WHAT YOU NEED TO DO ::
With the pictures excluded, repeat every entry exactly.

Records from a data collection:
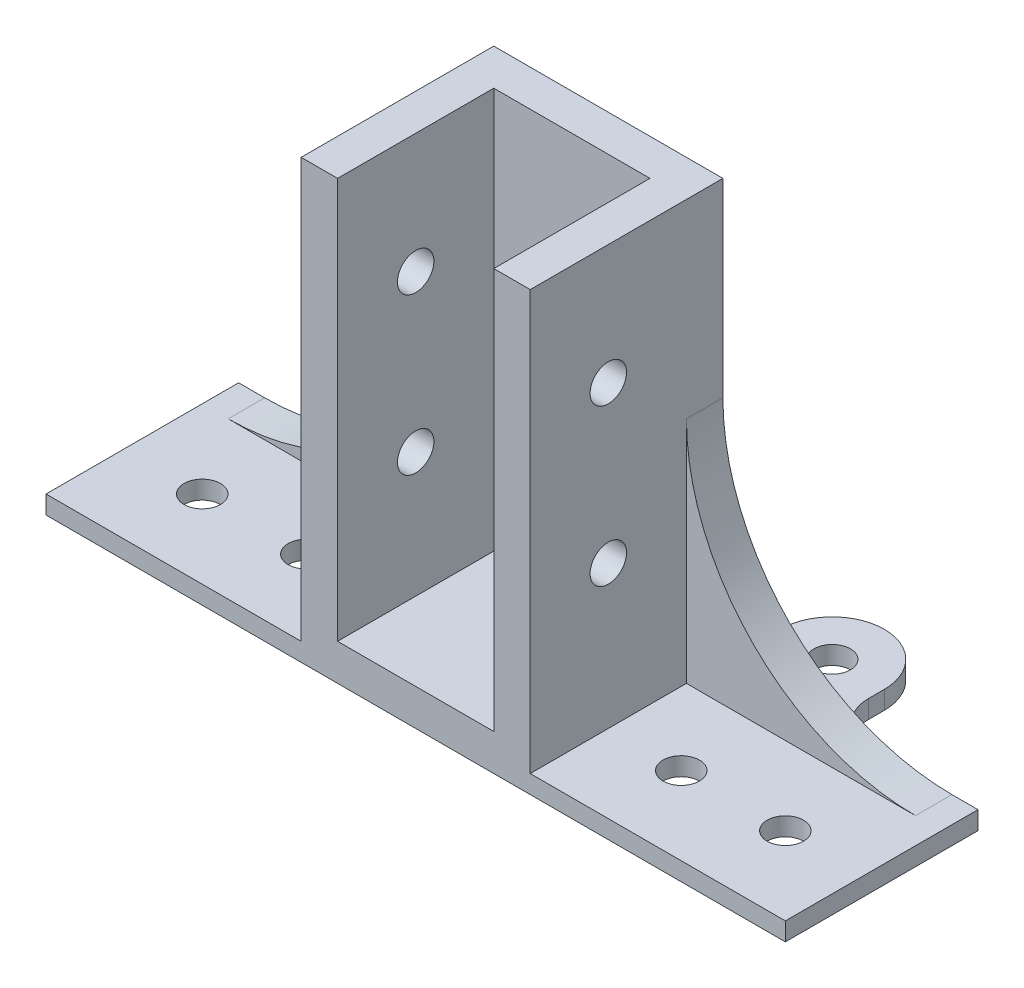
SolidWorks part; units mm, degrees
ref_plane "Front Plane" through (0, 0, 0) normal (0, 0, 1) x (1, 0, 0)
ref_plane "Top Plane" through (0, 0, 0) normal (0, 1, 0) x (1, 0, 0)
ref_plane "Right Plane" through (0, 0, 0) normal (1, 0, 0) x (0, 0, -1)
sketch "Sketch1" plane through (0, 0, 0) normal (0, 0, 1) x (1, 0, 0)
  line L1 (-16.1393, 44.8689) -> (5.8607, 44.8689)
  line L2 (-16.1393, 44.8689) -> (-16.1393, 2.8689)
  line L3 (-16.1393, 2.8689) -> (5.8607, 2.8689)
  line L4 (5.8607, 44.8689) -> (5.8607, 2.8689)
  dimension "D1" = 22
  dimension "D2" = 42
extrude "Boss-Extrude1" add sketch "Sketch1" along normal blind 18.5
sketch "Sketch2" plane through (0, 0, 18.5) normal (0, 0, 1) x (1, 0, 0)
  line L0 (5.8607, 44.8689) -> (-16.1393, 44.8689) construction
  line L1 (-12.6393, 44.8689) -> (2.3607, 44.8689)
  line L2 (-12.6393, 44.8689) -> (-12.6393, 6.3689)
  line L3 (-12.6393, 6.3689) -> (2.3607, 6.3689)
  line L4 (2.3607, 44.8689) -> (2.3607, 6.3689)
  line L5 (5.8607, 2.8689) -> (5.8607, 44.8689) construction
  line L6 (-16.1393, 2.8689) -> (5.8607, 2.8689) construction
  dimension "D1" = 15
  dimension "D2" = 3.5
  dimension "D3" = 3.5
extrude "Cut-Extrude1" cut sketch "Sketch2" against normal blind 15
sketch "Sketch3" plane through (0, 0, 0) normal (0, 0, -1) x (-1, 0, 0)
  line L1 (16.1393, 2.8689) -> (40.6393, 2.8689)
  line L2 (16.1393, 2.8689) -> (16.1393, 4.6189)
  line L3 (16.1393, 4.6189) -> (40.6393, 4.6189)
  line L4 (40.6393, 2.8689) -> (40.6393, 4.6189)
  line L5 (-5.8607, 2.8689) -> (-30.3607, 2.8689)
  line L6 (-5.8607, 2.8689) -> (-5.8607, 4.6189)
  line L7 (-5.8607, 4.6189) -> (-30.3607, 4.6189)
  line L8 (-30.3607, 2.8689) -> (-30.3607, 4.6189)
  dimension "D1" = 24.5
  dimension "D2" = 24.5
  dimension "D3" = 1.75
  dimension "D4" = 1.75
extrude "Boss-Extrude2" add sketch "Sketch3" against normal up to surface (18.5 mm away) up to face at (-5.1393, 24.7439, 18.5)
sketch "Sketch4" plane through (0, 0, 0) normal (0, 0, -1) x (-1, 0, 0)
  line L0 (38.1393, 4.6189) -> (16.1393, 4.6189)
  line L1 (40.6393, 4.6189) -> (16.1393, 4.6189) construction
  line L2 (16.1393, 4.6189) -> (16.1393, 26.6189)
  line L3 (16.1393, 44.8689) -> (16.1393, 4.6189) construction
  line L4 (-27.8607, 4.6189) -> (-5.8607, 4.6189)
  line L5 (-5.8607, 4.6189) -> (-30.3607, 4.6189) construction
  line L6 (-5.8607, 4.6189) -> (-5.8607, 26.6189)
  line L7 (-5.8607, 4.6189) -> (-5.8607, 44.8689) construction
  arc A0 (16.1393, 26.6189) -> (38.1393, 4.6189) centre (38.1393, 26.6189) ccw
  arc A1 (-5.8607, 26.6189) -> (-27.8607, 4.6189) centre (-27.8607, 26.6189) cw
  dimension "D1" = 22
extrude "Boss-Extrude3" add sketch "Sketch4" against normal blind 3.5
sketch "Sketch5" plane through (0, 2.8689, 0) normal (0, -1, 0) x (1, 0, 0)
  line L0 (-40.6393, 0) -> (30.3607, 0) construction
  line L1 (5.8607, 0) -> (-16.1393, 0) construction
  line L2 (15.8607, -5.5) -> (15.8607, 0)
  line L3 (-26.1393, -5.5) -> (-26.1393, 0)
  line L4 (-16.1393, -5.5) -> (-16.1393, 0)
  line L5 (5.8607, -5.5) -> (5.8607, 0)
  line L6 (15.8607, 0) -> (5.8607, 0)
  line L7 (-16.1393, 0) -> (-26.1393, 0)
  circle A0 centre (10.8607, -5.5) radius 1.75
  circle A1 centre (-21.1393, -5.5) radius 1.75
  arc A2 (5.8607, -5.5) -> (15.8607, -5.5) centre (10.8607, -5.5) ccw
  arc A3 (-26.1393, -5.5) -> (-16.1393, -5.5) centre (-21.1393, -5.5) ccw
  point P6 (-5.1393, 0)
  point P7 (-5.1393, 0)
  dimension "D4" = 3.5
  dimension "D1" = 5.5
  dimension "D2" = 16
  dimension "D3" = 16
extrude "Boss-Extrude4" add sketch "Sketch5" against normal up to surface (1.75 mm away) up to face at (-33.8893, 4.6189, 8.5833)
sketch "Sketch6" plane through (0, 4.6189, 0) normal (0, 1, 0) x (1, 0, 0)
  line L0 (30.3607, -11) -> (-40.6393, -11) construction
  line L1 (30.3607, -18.5) -> (30.3607, 0) construction
  line L2 (-40.6393, -18.5) -> (-40.6393, 0) construction
  line L3 (5.8607, -18.5) -> (30.3607, -18.5) construction
  circle A0 centre (22.8607, -11) radius 1.75
  circle A1 centre (-33.1393, -11) radius 1.75
  circle A2 centre (12.8607, -11) radius 1.75
  circle A3 centre (-23.1393, -11) radius 1.75
  dimension "D2" = 7.5
  dimension "D3" = 7.5
  dimension "D4" = 3.5
  dimension "D5" = 10
  dimension "D6" = 10
  dimension "D1" = 7.5
extrude "Cut-Extrude2" cut sketch "Sketch6" against normal blind 10
fillet "Fillet1" radius 4 4 edges at (-26.1393, 3.7439, 0) (-16.1393, 3.7439, 0)
sketch "Sketch7" plane through (-16.1393, 0, 0) normal (-1, 0, 0) x (0, 0, 1)
  line L0 (11, 44.8689) -> (11, 4.6189) construction
  line L1 (18.5, 44.8689) -> (0, 44.8689) construction
  line L2 (18.5, 4.6189) -> (0, 4.6189) construction
  line L3 (18.5, 44.8689) -> (18.5, 4.6189) construction
  line L4 (3.5, 6.3689) -> (18.5, 6.3689) construction
  circle A0 centre (11, 33.3689) radius 1.75
  circle A1 centre (11, 18.3689) radius 1.75
  dimension "D2" = 3.5
  dimension "D1" = 7.5
  dimension "D3" = 15
  dimension "D4" = 12
extrude "Cut-Extrude3" cut sketch "Sketch7" against normal blind 28
sketch "Sketch8" plane through (0, 0, 0) normal (0, 0, -1) x (-1, 0, 0)
  line L0 (5.1393, 44.8689) -> (5.1393, 2.8689) construction
  line L1 (-5.8607, 44.8689) -> (16.1393, 44.8689) construction
  line L2 (12.1393, 2.8689) -> (-1.8607, 2.8689) construction
  line L3 (12.6393, 6.3689) -> (-2.3607, 6.3689) construction
  circle A0 centre (5.1393, 33.3689) radius 1.75
  circle A1 centre (5.1393, 18.3689) radius 1.75
  dimension "D1" = 15
  dimension "D2" = 12
  dimension "D3" = 3.5
extrude "Cut-Extrude4" cut sketch "Sketch8" against normal blind 28

SOLUTION BELOW ::
SolidWorks part; units mm, degrees
ref_plane "Front Plane" through (0, 0, 0) normal (0, 0, 1) x (1, 0, 0)
ref_plane "Top Plane" through (0, 0, 0) normal (0, 1, 0) x (1, 0, 0)
ref_plane "Right Plane" through (0, 0, 0) normal (1, 0, 0) x (0, 0, -1)
sketch "Sketch1" plane through (0, 0, 0) normal (0, 0, 1) x (1, 0, 0)
  line L1 (-16.1393, 44.8689) -> (5.8607, 44.8689)
  line L2 (-16.1393, 44.8689) -> (-16.1393, 2.8689)
  line L3 (-16.1393, 2.8689) -> (5.8607, 2.8689)
  line L4 (5.8607, 44.8689) -> (5.8607, 2.8689)
  dimension "D1" = 22
  dimension "D2" = 42
extrude "Boss-Extrude1" add sketch "Sketch1" along normal blind 18.5
sketch "Sketch2" plane through (0, 0, 18.5) normal (0, 0, 1) x (1, 0, 0)
  line L0 (5.8607, 44.8689) -> (-16.1393, 44.8689) construction
  line L1 (-12.6393, 44.8689) -> (2.3607, 44.8689)
  line L2 (-12.6393, 44.8689) -> (-12.6393, 6.3689)
  line L3 (-12.6393, 6.3689) -> (2.3607, 6.3689)
  line L4 (2.3607, 44.8689) -> (2.3607, 6.3689)
  line L5 (5.8607, 2.8689) -> (5.8607, 44.8689) construction
  line L6 (-16.1393, 2.8689) -> (5.8607, 2.8689) construction
  dimension "D1" = 15
  dimension "D2" = 3.5
  dimension "D3" = 3.5
extrude "Cut-Extrude1" cut sketch "Sketch2" against normal blind 15
sketch "Sketch3" plane through (0, 0, 0) normal (0, 0, -1) x (-1, 0, 0)
  line L1 (16.1393, 2.8689) -> (40.6393, 2.8689)
  line L2 (16.1393, 2.8689) -> (16.1393, 4.6189)
  line L3 (16.1393, 4.6189) -> (40.6393, 4.6189)
  line L4 (40.6393, 2.8689) -> (40.6393, 4.6189)
  line L5 (-5.8607, 2.8689) -> (-30.3607, 2.8689)
  line L6 (-5.8607, 2.8689) -> (-5.8607, 4.6189)
  line L7 (-5.8607, 4.6189) -> (-30.3607, 4.6189)
  line L8 (-30.3607, 2.8689) -> (-30.3607, 4.6189)
  dimension "D1" = 24.5
  dimension "D2" = 24.5
  dimension "D3" = 1.75
  dimension "D4" = 1.75
extrude "Boss-Extrude2" add sketch "Sketch3" against normal up to surface (18.5 mm away) up to face at (-5.1393, 24.7439, 18.5)
sketch "Sketch4" plane through (0, 0, 0) normal (0, 0, -1) x (-1, 0, 0)
  line L0 (38.1393, 4.6189) -> (16.1393, 4.6189)
  line L1 (40.6393, 4.6189) -> (16.1393, 4.6189) construction
  line L2 (16.1393, 4.6189) -> (16.1393, 26.6189)
  line L3 (16.1393, 44.8689) -> (16.1393, 4.6189) construction
  line L4 (-27.8607, 4.6189) -> (-5.8607, 4.6189)
  line L5 (-5.8607, 4.6189) -> (-30.3607, 4.6189) construction
  line L6 (-5.8607, 4.6189) -> (-5.8607, 26.6189)
  line L7 (-5.8607, 4.6189) -> (-5.8607, 44.8689) construction
  arc A0 (16.1393, 26.6189) -> (38.1393, 4.6189) centre (38.1393, 26.6189) ccw
  arc A1 (-5.8607, 26.6189) -> (-27.8607, 4.6189) centre (-27.8607, 26.6189) cw
  dimension "D1" = 22
extrude "Boss-Extrude3" add sketch "Sketch4" against normal blind 3.5
sketch "Sketch5" plane through (0, 2.8689, 0) normal (0, -1, 0) x (1, 0, 0)
  line L0 (-40.6393, 0) -> (30.3607, 0) construction
  line L1 (5.8607, 0) -> (-16.1393, 0) construction
  line L2 (15.8607, -5.5) -> (15.8607, 0)
  line L3 (-26.1393, -5.5) -> (-26.1393, 0)
  line L4 (-16.1393, -5.5) -> (-16.1393, 0)
  line L5 (5.8607, -5.5) -> (5.8607, 0)
  line L6 (15.8607, 0) -> (5.8607, 0)
  line L7 (-16.1393, 0) -> (-26.1393, 0)
  circle A0 centre (10.8607, -5.5) radius 1.75
  circle A1 centre (-21.1393, -5.5) radius 1.75
  arc A2 (5.8607, -5.5) -> (15.8607, -5.5) centre (10.8607, -5.5) ccw
  arc A3 (-26.1393, -5.5) -> (-16.1393, -5.5) centre (-21.1393, -5.5) ccw
  point P6 (-5.1393, 0)
  point P7 (-5.1393, 0)
  dimension "D4" = 3.5
  dimension "D1" = 5.5
  dimension "D2" = 16
  dimension "D3" = 16
extrude "Boss-Extrude4" add sketch "Sketch5" against normal up to surface (1.75 mm away) up to face at (-33.8893, 4.6189, 8.5833)
sketch "Sketch6" plane through (0, 4.6189, 0) normal (0, 1, 0) x (1, 0, 0)
  line L0 (30.3607, -11) -> (-40.6393, -11) construction
  line L1 (30.3607, -18.5) -> (30.3607, 0) construction
  line L2 (-40.6393, -18.5) -> (-40.6393, 0) construction
  line L3 (5.8607, -18.5) -> (30.3607, -18.5) construction
  circle A0 centre (22.8607, -11) radius 1.75
  circle A1 centre (-33.1393, -11) radius 1.75
  circle A2 centre (12.8607, -11) radius 1.75
  circle A3 centre (-23.1393, -11) radius 1.75
  dimension "D2" = 7.5
  dimension "D3" = 7.5
  dimension "D4" = 3.5
  dimension "D5" = 10
  dimension "D6" = 10
  dimension "D1" = 7.5
extrude "Cut-Extrude2" cut sketch "Sketch6" against normal blind 10
fillet "Fillet1" radius 4 4 edges at (-26.1393, 3.7439, 0) (-16.1393, 3.7439, 0)
sketch "Sketch7" plane through (-16.1393, 0, 0) normal (-1, 0, 0) x (0, 0, 1)
  line L0 (11, 44.8689) -> (11, 4.6189) construction
  line L1 (18.5, 44.8689) -> (0, 44.8689) construction
  line L2 (18.5, 4.6189) -> (0, 4.6189) construction
  line L3 (18.5, 44.8689) -> (18.5, 4.6189) construction
  line L4 (3.5, 6.3689) -> (18.5, 6.3689) construction
  circle A0 centre (11, 33.3689) radius 1.75
  circle A1 centre (11, 18.3689) radius 1.75
  dimension "D2" = 3.5
  dimension "D1" = 7.5
  dimension "D3" = 15
  dimension "D4" = 12
extrude "Cut-Extrude3" cut sketch "Sketch7" against normal blind 28
sketch "Sketch8" plane through (0, 0, 0) normal (0, 0, -1) x (-1, 0, 0)
  line L0 (5.1393, 44.8689) -> (5.1393, 2.8689) construction
  line L1 (-5.8607, 44.8689) -> (16.1393, 44.8689) construction
  line L2 (12.1393, 2.8689) -> (-1.8607, 2.8689) construction
  line L3 (12.6393, 6.3689) -> (-2.3607, 6.3689) construction
  circle A0 centre (5.1393, 33.3689) radius 1.75
  circle A1 centre (5.1393, 18.3689) radius 1.75
  dimension "D1" = 15
  dimension "D2" = 12
  dimension "D3" = 3.5
extrude "Cut-Extrude4" cut sketch "Sketch8" against normal blind 28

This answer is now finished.